Стихли покашливание и шорох. В зале за занавесом, во всем просторном здании районного клуба, наступила внимательная тишина. На столе президиума шелестели бумаги…

А в темном углу сцены, среди свернутых холстов на полу, среди щитов, оконных переплетов, дверей, каких-то брусьев с торчащими гвоздями, сжавшись в комок, пачкая платье о побелку фанерной колонны, давилась в молчаливых рыданиях Катя, маленькая, потерянная в этом пыльном хаосе.

18

Каждый вечер за окном над крышами коршуновских домов распахиваются закаты, то золотисто-нежные, как пронизанная солнцем вода в ручье с песчаным дном, то густые, непроницаемые, как начавшая темнеть бронза, то свирепо багрянистые, тяжелые, давящие, то бунтующие, с раскаленными вздыбленными тучами.

Что ни вечер, то закат, и каждый раз новый, схожих нет. Но всегда одинаков силуэтный рисунок под этими закатами — две острые крыши, одна повыше, другая пониже, поприземистей, на одной выпирает слуховое окно, на другой торчит короткая труба, меж крышами незатейливое кружево черемуховой листвы да вскинут на высоком шесте скворечник.

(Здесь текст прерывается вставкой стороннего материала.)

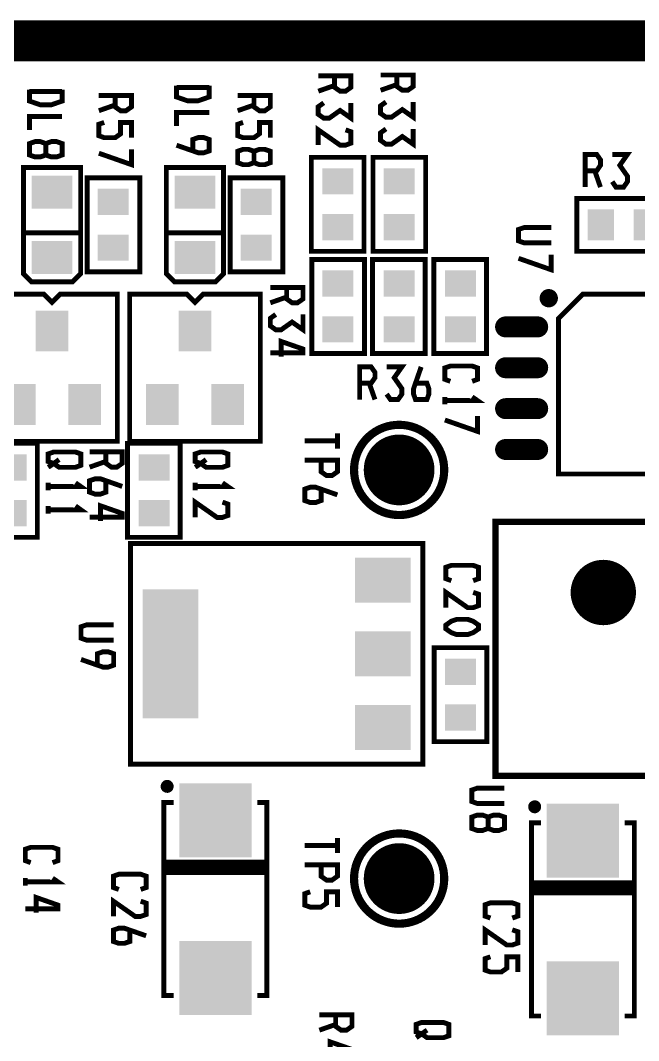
# Model space of a CAD drawing. Extents: x 36 to 154, y -1 to 63.
# Drawn here: x 93.63 to 112.86, y 31.16 to 62.87 of the extents above; entities that cross this region are included whole.
import ezdxf

# ---------------------------------------------------------------- set-up
doc = ezdxf.new("R2010")
doc.units = 0
doc.header["$MEASUREMENT"] = 0
doc.layers.get('0').update_dxf_attribs({"linetype": 'CONTINUOUS'})
for name, color, linetype in [('25-336-0_BOT', 7, 'CONTINUOUS'), ('25-336-0_DRD', 7, 'CONTINUOUS'), ('25-336-0_SST', 1, 'CONTINUOUS'), ('25-336-0_TOP', 4, 'CONTINUOUS'), ('THRUHOLE_TAP', 10, 'CONTINUOUS')]:
    doc.layers.add(name, color=color, linetype=linetype)

# ---------------------------------------------------------------- blocks, each defined once
blk = doc.blocks.new('ROUND_10')
at = {"const_width": 1.016}
blk.add_lwpolyline([(-0.508, 0, 1), (0.508, 0, 1)], format="xyb", close=True, dxfattribs=at)
blk = doc.blocks.new('ROUND_32')
at = {"const_width": 1.09982}
blk.add_lwpolyline([(-0.54991, 0, 1), (0.54991, 0, 1)], format="xyb", close=True, dxfattribs=at)
blk = doc.blocks.new('RECTANGLE_1')
blk.add_solid([(0.4826, 0.4064), (0.4826, -0.4064), (-0.4826, 0.4064), (-0.4826, -0.4064)])
blk = doc.blocks.new('RECTANGLE_7')
blk.add_solid([(0.4064, 0.4826), (0.4064, -0.4826), (-0.4064, 0.4826), (-0.4064, -0.4826)])
blk = doc.blocks.new('RECTANGLE_8')
blk.add_solid([(1.12522, 1.14935), (1.12522, -1.14935), (-1.12522, 1.14935), (-1.12522, -1.14935)])
blk = doc.blocks.new('RECTANGLE_19')
blk.add_solid([(0.63627, 0.51308), (0.63627, -0.51308), (-0.63627, 0.51308), (-0.63627, -0.51308)])
blk = doc.blocks.new('RECTANGLE_40')
blk.add_solid([(0.508, 0.635), (0.508, -0.635), (-0.508, 0.635), (-0.508, -0.635)])
blk = doc.blocks.new('OBLONG_49')
at = {"const_width": 0.65024}
blk.add_lwpolyline([(0.50038, 0), (-0.50038, 0)], dxfattribs=at)
at = {"const_width": 0.32512}
for points in [[(-0.66294, 0, 1), (-0.33782, 0, 1)], [(0.33782, 0, 1), (0.66294, 0, 1)]]:
    blk.add_lwpolyline(points, format="xyb", close=True, dxfattribs=at)
blk = doc.blocks.new('RECTANGLE_50')
blk.add_solid([(0.8636, 2.0066), (0.8636, -2.0066), (-0.8636, 2.0066), (-0.8636, -2.0066)])
blk = doc.blocks.new('RECTANGLE_51')
blk.add_solid([(0.8636, 0.6985), (0.8636, -0.6985), (-0.8636, 0.6985), (-0.8636, -0.6985)])
blk = doc.blocks.new('ROUND_11')
at = {"const_width": 0.50038}
blk.add_lwpolyline([(-0.25019, 0, 1), (0.25019, 0, 1)], format="xyb", close=True, dxfattribs=at)
blk = doc.blocks.new('ROUND_66')
at = {"const_width": 0.54991}
blk.add_lwpolyline([(-0.274954, 0, 1), (0.274954, 0, 1)], format="xyb", close=True, dxfattribs=at)

msp = doc.modelspace()

# ---------------------------------------------------------------- linework, layer by layer
at = {"layer": '25-336-0_DRD'}
for points, const_width in [([(38.1, 0), (153.67, 0), (153.67, 62.23), (36.83, 62.23), (36.83, 0), (38.1, 0)], 1.27), ([(105.41, 49.53), (104.775, 48.895)], 0.254), ([(106.045, 48.895), (105.41, 49.53)], 0.254), ([(104.775, 48.895), (105.41, 48.26)], 0.254), ([(105.41, 48.26), (106.045, 48.895)], 0.254), ([(111.125, 45.72), (111.125, 44.45)], 0.254), ([(112.395, 45.72), (111.125, 45.72)], 0.254), ([(111.76, 45.72), (111.76, 44.45)], 0.254), ([(112.395, 44.45), (112.395, 45.72)], 0.254), ([(112.395, 45.085), (111.125, 45.085)], 0.254), ([(111.125, 44.45), (112.395, 44.45)], 0.254), ([(105.41, 36.83), (104.775, 36.195)], 0.254), ([(106.045, 36.195), (105.41, 36.83)], 0.254), ([(104.775, 36.195), (105.41, 35.56)], 0.254), ([(105.41, 35.56), (106.045, 36.195)], 0.254)]:
    msp.add_lwpolyline(points, dxfattribs=dict(at, const_width=const_width))
at = {"layer": '25-336-0_SST'}
for points, const_width in [([(103.4034, 61.14034), (103.4034, 60.78474), (103.57358, 60.66536), (103.74376, 60.66536), (103.9114, 60.78474), (103.9114, 61.14034), (102.8954, 61.14034)], 0.1524), ([(105.34142, 61.16828), (105.34142, 60.81268), (105.50906, 60.6933), (105.67924, 60.6933), (105.84942, 60.81268), (105.84942, 61.16828), (104.83342, 61.16828)], 0.1524), ([(98.48596, 60.84062), (98.48596, 60.48502), (98.82378, 60.36818), (99.16414, 60.36818), (99.50196, 60.48502), (99.50196, 60.84062)], 0.1524), ([(103.4034, 60.84316), (102.8954, 60.66536)], 0.1524), ([(105.34142, 60.8711), (104.83342, 60.6933)], 0.1524), ([(93.91396, 60.71362), (93.91396, 60.35802), (94.25178, 60.24118), (94.59214, 60.24118), (94.92996, 60.35802), (94.92996, 60.71362)], 0.1524), ([(93.91396, 60.6552), (94.92996, 60.6552)], 0.1524), ([(96.57842, 60.53328), (96.57842, 60.17768), (96.74606, 60.0583), (96.91624, 60.0583), (97.08642, 60.17768), (97.08642, 60.53328), (96.07042, 60.53328)], 0.1524), ([(98.48596, 60.7822), (99.50196, 60.7822)], 0.1524), ([(100.89642, 60.53328), (100.89642, 60.17768), (101.06406, 60.0583), (101.23424, 60.0583), (101.40442, 60.17768), (101.40442, 60.53328), (100.38842, 60.53328)], 0.1524), ([(96.57842, 60.2361), (96.07042, 60.0583)], 0.1524), ([(100.89642, 60.2361), (100.38842, 60.0583)], 0.1524), ([(103.06558, 60.30214), (102.8954, 60.18276), (102.8954, 59.94654), (103.06558, 59.82716), (103.23576, 59.82716), (103.57358, 60.06592), (103.9114, 59.82716), (103.9114, 60.30214)], 0.1524), ([(105.00106, 60.33008), (104.83342, 60.2107), (104.83342, 59.97448), (105.00106, 59.8551), (105.17124, 59.8551), (105.50906, 60.09386), (105.84942, 59.8551), (105.84942, 60.33008)], 0.1524), ([(93.91396, 59.4614), (93.91396, 59.87542), (94.92996, 59.87542)], 0.1524), ([(98.48596, 59.5884), (98.48596, 60.00242), (99.50196, 60.00242)], 0.1524), ([(96.23806, 59.69508), (96.07042, 59.63666), (96.07042, 59.28106), (96.23806, 59.2201), (96.57842, 59.2201), (96.74606, 59.33948), (96.74606, 59.69508), (97.08642, 59.69508), (97.08642, 59.2201)], 0.1524), ([(100.55606, 59.69508), (100.38842, 59.63666), (100.38842, 59.28106), (100.55606, 59.2201), (100.89642, 59.2201), (101.06406, 59.33948), (101.06406, 59.69508), (101.40442, 59.69508), (101.40442, 59.2201)], 0.1524), ([(102.8954, 58.98896), (102.8954, 59.46394), (103.57358, 58.98896), (103.74376, 58.98896), (103.9114, 59.04992), (103.9114, 59.40552), (103.74376, 59.46394)], 0.1524), ([(98.99396, 58.80862), (98.99396, 59.16422), (99.16414, 59.22518), (99.33178, 59.22518), (99.50196, 59.16422), (99.50196, 58.80862), (99.33178, 58.7502), (99.16414, 58.7502), (98.48596, 58.98642)], 0.1524), ([(105.00106, 59.49188), (104.83342, 59.3725), (104.83342, 59.13628), (105.00106, 59.0169), (105.17124, 59.0169), (105.50906, 59.25566), (105.84942, 59.0169), (105.84942, 59.49188)], 0.1524), ([(94.42196, 58.68162), (94.59214, 58.6232), (94.75978, 58.6232), (94.92996, 58.68162), (94.92996, 59.03722), (94.75978, 59.09818), (94.59214, 59.09818), (94.42196, 59.03722), (94.42196, 58.68162), (94.25178, 58.6232), (94.08414, 58.6232), (93.91396, 58.68162), (93.91396, 59.03722), (94.08414, 59.09818), (94.25178, 59.09818), (94.42196, 59.03722)], 0.1524), ([(96.07042, 58.7375), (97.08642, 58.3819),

И оттого что этот рисунок неизменен, словно оправа в переливающемся камне, сами разнохарактерные закаты, кажется, имеют одну неуловимую общую черту — бессилие. Они бунтуют, они давят, они ласкают, но каждый вечер те же крыши с трубой и слуховым окном, та же черемуховая листва, тот же на тонком шесте скворечник.